■ **What needs to be done**: Would you reproduce the data below exactly, please, leaving out its images?
[Exercise input — start]
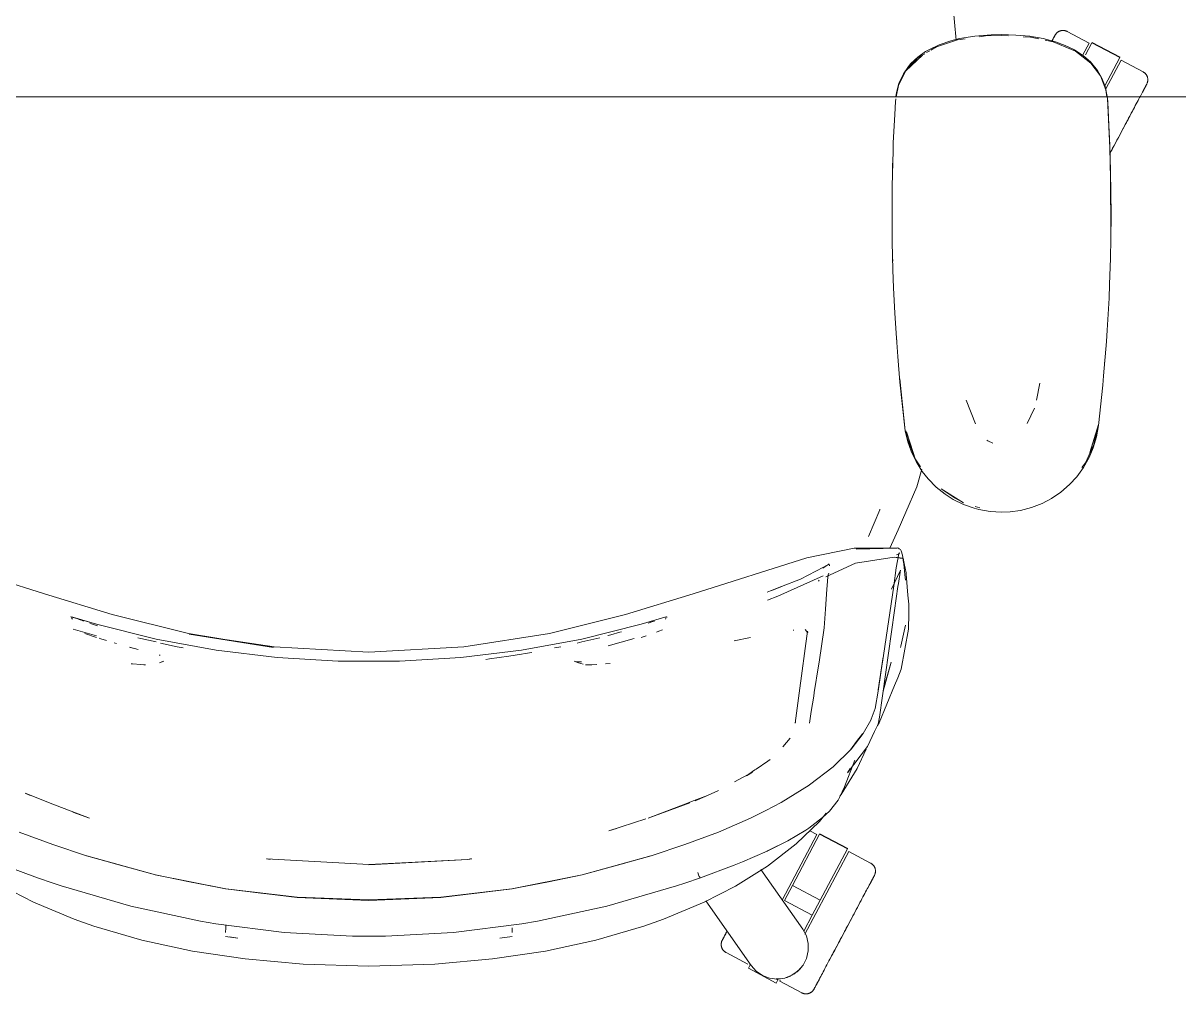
# Model space of a CAD drawing. Header units: millimetres. Extents: x 155927 to 317870, y -36033 to 97293.
# Drawn here: x 178124 to 178635, y 19791 to 20220 of the extents above; entities that cross this region are included whole.
import ezdxf

# ---------------------------------------------------------------- set-up
doc = ezdxf.new("R2010")
doc.units = ezdxf.units.MM
doc.header["$MEASUREMENT"] = 0
doc.layers.add('G-IMPT', color=8, linetype='CONTINUOUS', lineweight=9)
doc.layers.add('I-FURN', color=8, linetype='CONTINUOUS', lineweight=9)

msp = doc.modelspace()

# ---------------------------------------------------------------- linework, layer by layer
at = {"layer": 'G-IMPT'}
for p, q in [((178536.92, 20212.72), (178535.47, 20228.6)), ((178534.45, 20212.43), (178538.38, 20213.4)), ((178538.38, 20213.4), (178545.14, 20214.52)), ((178552.45, 20215.1), (178545.14, 20214.52)), ((178549.8, 20214.58), (178547.01, 20214.19)), ((178549.8, 20214.58), (178556.96, 20214.81)), ((178552.45, 20215.1), (178556.96, 20215.19)), ((178556.96, 20215.19), (178563.3, 20215.01)), ((178560.07, 20214.62), (178556.96, 20214.81)), ((178569.45, 20214.44), (178563.3, 20215.01)), ((178569.79, 20214.03), (178566.58, 20214.22)), ((178569.45, 20214.44), (178575.38, 20213.44)), ((178573.54, 20213.26), (178569.79, 20214.03)), ((178580.86, 20212.01), (178575.38, 20213.44)), ((178524.73, 20208.48), (178523.35, 20207.68)), ((178529.36, 20210.69), (178524.73, 20208.48)), ((178528.14, 20209.82), (178525.69, 20208.36)), ((178537.54, 20212.85), (178528.14, 20209.82)), ((178534.45, 20212.43), (178529.36, 20210.69)), ((178540.83, 20213.32), (178537.54, 20212.85)), ((178579.75, 20211.99), (178576.28, 20212.69)), ((178579.75, 20211.99), (178585.37, 20209.66)), ((178580.86, 20212.01), (178585.2, 20210.43)), ((178589.27, 20208.44), (178585.2, 20210.43)), ((178589.77, 20207.82), (178585.37, 20209.66)), ((178589.27, 20208.44), (178593.32, 20205.79)), ((178521.93, 20206.06), (178514.54, 20199.15)), ((178519.84, 20204.86), (178514.54, 20199.15)), ((178520.31, 20204.64), (178516.77, 20201.56)), ((178516.85, 20202.37), (178519.9, 20205.23)), ((178523, 20206.75), (178519.84, 20204.86)), ((178519.9, 20205.23), (178523.35, 20207.68)), ((178521.93, 20206.06), (178520.46, 20204.78)), ((178525.22, 20208.08), (178523.78, 20207.22)), ((178596.55, 20202.6), (178589.77, 20207.82)), ((178593.32, 20205.79), (178596.36, 20203.12)), ((178599.43, 20199.38), (178596.36, 20203.12)), ((178513.43, 20196.92), (178514.54, 20199.15)), ((178513.52, 20197.82), (178515.72, 20201.04)), ((178514.54, 20199.15), (178516.77, 20201.56)), ((178516.85, 20202.37), (178515.72, 20201.04)), ((178600.72, 20196.98), (178596.55, 20202.6)), ((178601.39, 20195.95), (178599.43, 20199.38)), ((178510.46, 20189.54), (178511.53, 20193.5)), ((178513.43, 20196.92), (178511.33, 20192.66)), ((178513.52, 20197.82), (178511.53, 20193.5)), ((178603.13, 20190.78), (178600.72, 20196.98)), ((178601.39, 20195.95), (178602.79, 20192.3)), ((178510.22, 20187.61), (178510.46, 20189.54)), ((178511.33, 20192.66), (178510.39, 20187.61)), ((178603.15, 20190.96), (178602.79, 20192.3)), ((178603.13, 20190.78), (178603.61, 20187.61)), ((178603.15, 20190.96), (178603.6, 20188.56)), ((178603.85, 20186.92), (178603.6, 20188.56)), ((178509.68, 20179.87), (178509.96, 20185.54)), ((178510.24, 20186.79), (178509.96, 20185.31)), ((178509.96, 20185.54), (178510.12, 20186.79)), ((178604.9, 20166.34), (178603.85, 20186.92)), ((178604.94, 20165.13), (178603.85, 20186.92)), ((178603.85, 20186.92), (178603.96, 20185.31)), ((178604.94, 20165.13), (178603.96, 20185.31)), ((178509.68, 20179.87), (178509.06, 20167.31)), ((178508.94, 20163.77), (178509.06, 20167.31)), ((178508.56, 20148.1), (178508.94, 20163.77)), ((178605.4, 20144.95), (178604.9, 20166.34)), ((178605.24, 20154.78), (178604.9, 20166.34)), ((178604.9, 20166.34), (178604.94, 20165.13)), ((178605.4, 20144.95), (178604.94, 20165.13)), ((178508.85, 20159.72), (178508.74, 20157.04)), ((178508.74, 20154.82), (178508.74, 20157.04)), ((178605.36, 20124.76), (178605.24, 20154.78)), ((178605.4, 20144.95), (178605.24, 20154.78)), ((178605.24, 20154.78), (178605.44, 20135.56)), ((178508.56, 20148.1), (178508.51, 20143.59)), ((178605.38, 20146.98), (178605.3, 20149.19)), ((178605.36, 20144.95), (178605.38, 20146.98)), ((178508.51, 20143.59), (178508.52, 20128.87)), ((178605.36, 20124.76), (178605.4, 20144.95)), ((178605.36, 20124.76), (178605.44, 20135.56)), ((178508.59, 20123.4), (178508.52, 20128.87)), ((178508.59, 20123.4), (178508.88, 20111.09)), ((178605.36, 20124.76), (178605.19, 20116.34)), ((178508.72, 20116.62), (178508.73, 20118.7)), ((178508.8, 20114.97), (178508.72, 20116.62)), ((178604.8, 20104.58), (178605.19, 20116.34)), ((178509.18, 20103.22), (178508.88, 20111.09)), ((178604.94, 20109.47), (178605.05, 20111.4)), ((178605.05, 20111.4), (178605.07, 20112.9)), ((178509.18, 20103.22), (178509.72, 20091.91)), ((178604.8, 20104.58), (178604.55, 20098.56)), ((178603.74, 20084.42), (178604.55, 20098.56)), ((178510.28, 20083.04), (178509.72, 20091.91)), ((178510.28, 20083.04), (178511.01, 20072.75)), ((178510.41, 20081), (178510.32, 20082.9)), ((178510.41, 20081), (178510.55, 20079.58)), ((178603.41, 20079.33), (178603.74, 20084.42)), ((178603.41, 20079.33), (178602.16, 20064.28)), ((178511.99, 20061.35), (178511.01, 20072.75)), ((178602.76, 20071.15), (178602.59, 20069.47)), ((178514.34, 20039.92), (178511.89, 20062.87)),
[Exercise input — finish]
■ **Solution for this exercise**:
# Model space of a CAD drawing. Header units: millimetres. Extents: x 155927 to 317870, y -36033 to 97293.
# Drawn here: x 178124 to 178635, y 19791 to 20220 of the extents above; entities that cross this region are included whole.
import ezdxf

# ---------------------------------------------------------------- set-up
doc = ezdxf.new("R2010")
doc.units = ezdxf.units.MM
doc.header["$MEASUREMENT"] = 0
doc.layers.add('G-IMPT', color=8, linetype='CONTINUOUS', lineweight=9)
doc.layers.add('I-FURN', color=8, linetype='CONTINUOUS', lineweight=9)

msp = doc.modelspace()

# ---------------------------------------------------------------- linework, layer by layer
at = {"layer": 'G-IMPT'}
for p, q in [((178536.92, 20212.72), (178535.47, 20228.6)), ((178534.45, 20212.43), (178538.38, 20213.4)), ((178538.38, 20213.4), (178545.14, 20214.52)), ((178552.45, 20215.1), (178545.14, 20214.52)), ((178549.8, 20214.58), (178547.01, 20214.19)), ((178549.8, 20214.58), (178556.96, 20214.81)), ((178552.45, 20215.1), (178556.96, 20215.19)), ((178556.96, 20215.19), (178563.3, 20215.01)), ((178560.07, 20214.62), (178556.96, 20214.81)), ((178569.45, 20214.44), (178563.3, 20215.01)), ((178569.79, 20214.03), (178566.58, 20214.22)), ((178569.45, 20214.44), (178575.38, 20213.44)), ((178573.54, 20213.26), (178569.79, 20214.03)), ((178580.86, 20212.01), (178575.38, 20213.44)), ((178524.73, 20208.48), (178523.35, 20207.68)), ((178529.36, 20210.69), (178524.73, 20208.48)), ((178528.14, 20209.82), (178525.69, 20208.36)), ((178537.54, 20212.85), (178528.14, 20209.82)), ((178534.45, 20212.43), (178529.36, 20210.69)), ((178540.83, 20213.32), (178537.54, 20212.85)), ((178579.75, 20211.99), (178576.28, 20212.69)), ((178579.75, 20211.99), (178585.37, 20209.66)), ((178580.86, 20212.01), (178585.2, 20210.43)), ((178589.27, 20208.44), (178585.2, 20210.43)), ((178589.77, 20207.82), (178585.37, 20209.66)), ((178589.27, 20208.44), (178593.32, 20205.79)), ((178521.93, 20206.06), (178514.54, 20199.15)), ((178519.84, 20204.86), (178514.54, 20199.15)), ((178520.31, 20204.64), (178516.77, 20201.56)), ((178516.85, 20202.37), (178519.9, 20205.23)), ((178523, 20206.75), (178519.84, 20204.86)), ((178519.9, 20205.23), (178523.35, 20207.68)), ((178521.93, 20206.06), (178520.46, 20204.78)), ((178525.22, 20208.08), (178523.78, 20207.22)), ((178596.55, 20202.6), (178589.77, 20207.82)), ((178593.32, 20205.79), (178596.36, 20203.12)), ((178599.43, 20199.38), (178596.36, 20203.12)), ((178513.43, 20196.92), (178514.54, 20199.15)), ((178513.52, 20197.82), (178515.72, 20201.04)), ((178514.54, 20199.15), (178516.77, 20201.56)), ((178516.85, 20202.37), (178515.72, 20201.04)), ((178600.72, 20196.98), (178596.55, 20202.6)), ((178601.39, 20195.95), (178599.43, 20199.38)), ((178510.46, 20189.54), (178511.53, 20193.5)), ((178513.43, 20196.92), (178511.33, 20192.66)), ((178513.52, 20197.82), (178511.53, 20193.5)), ((178603.13, 20190.78), (178600.72, 20196.98)), ((178601.39, 20195.95), (178602.79, 20192.3)), ((178510.22, 20187.61), (178510.46, 20189.54)), ((178511.33, 20192.66), (178510.39, 20187.61)), ((178603.15, 20190.96), (178602.79, 20192.3)), ((178603.13, 20190.78), (178603.61, 20187.61)), ((178603.15, 20190.96), (178603.6, 20188.56)), ((178603.85, 20186.92), (178603.6, 20188.56)), ((178509.68, 20179.87), (178509.96, 20185.54)), ((178510.24, 20186.79), (178509.96, 20185.31)), ((178509.96, 20185.54), (178510.12, 20186.79)), ((178604.9, 20166.34), (178603.85, 20186.92)), ((178604.94, 20165.13), (178603.85, 20186.92)), ((178603.85, 20186.92), (178603.96, 20185.31)), ((178604.94, 20165.13), (178603.96, 20185.31)), ((178509.68, 20179.87), (178509.06, 20167.31)), ((178508.94, 20163.77), (178509.06, 20167.31)), ((178508.56, 20148.1), (178508.94, 20163.77)), ((178605.4, 20144.95), (178604.9, 20166.34)), ((178605.24, 20154.78), (178604.9, 20166.34)), ((178604.9, 20166.34), (178604.94, 20165.13)), ((178605.4, 20144.95), (178604.94, 20165.13)), ((178508.85, 20159.72), (178508.74, 20157.04)), ((178508.74, 20154.82), (178508.74, 20157.04)), ((178605.36, 20124.76), (178605.24, 20154.78)), ((178605.4, 20144.95), (178605.24, 20154.78)), ((178605.24, 20154.78), (178605.44, 20135.56)), ((178508.56, 20148.1), (178508.51, 20143.59)), ((178605.38, 20146.98), (178605.3, 20149.19)), ((178605.36, 20144.95), (178605.38, 20146.98)), ((178508.51, 20143.59), (178508.52, 20128.87)), ((178605.36, 20124.76), (178605.4, 20144.95)), ((178605.36, 20124.76), (178605.44, 20135.56)), ((178508.59, 20123.4), (178508.52, 20128.87)), ((178508.59, 20123.4), (178508.88, 20111.09)), ((178605.36, 20124.76), (178605.19, 20116.34)), ((178508.72, 20116.62), (178508.73, 20118.7)), ((178508.8, 20114.97), (178508.72, 20116.62)), ((178604.8, 20104.58), (178605.19, 20116.34)), ((178509.18, 20103.22), (178508.88, 20111.09)), ((178604.94, 20109.47), (178605.05, 20111.4)), ((178605.05, 20111.4), (178605.07, 20112.9)), ((178509.18, 20103.22), (178509.72, 20091.91)), ((178604.8, 20104.58), (178604.55, 20098.56)), ((178603.74, 20084.42), (178604.55, 20098.56)), ((178510.28, 20083.04), (178509.72, 20091.91)), ((178510.28, 20083.04), (178511.01, 20072.75)), ((178510.41, 20081), (178510.32, 20082.9)), ((178510.41, 20081), (178510.55, 20079.58)), ((178603.41, 20079.33), (178603.74, 20084.42)), ((178603.41, 20079.33), (178602.16, 20064.28)), ((178511.99, 20061.35), (178511.01, 20072.75)), ((178602.76, 20071.15), (178602.59, 20069.47)), ((178514.34, 20039.92), (178511.89, 20062.87)),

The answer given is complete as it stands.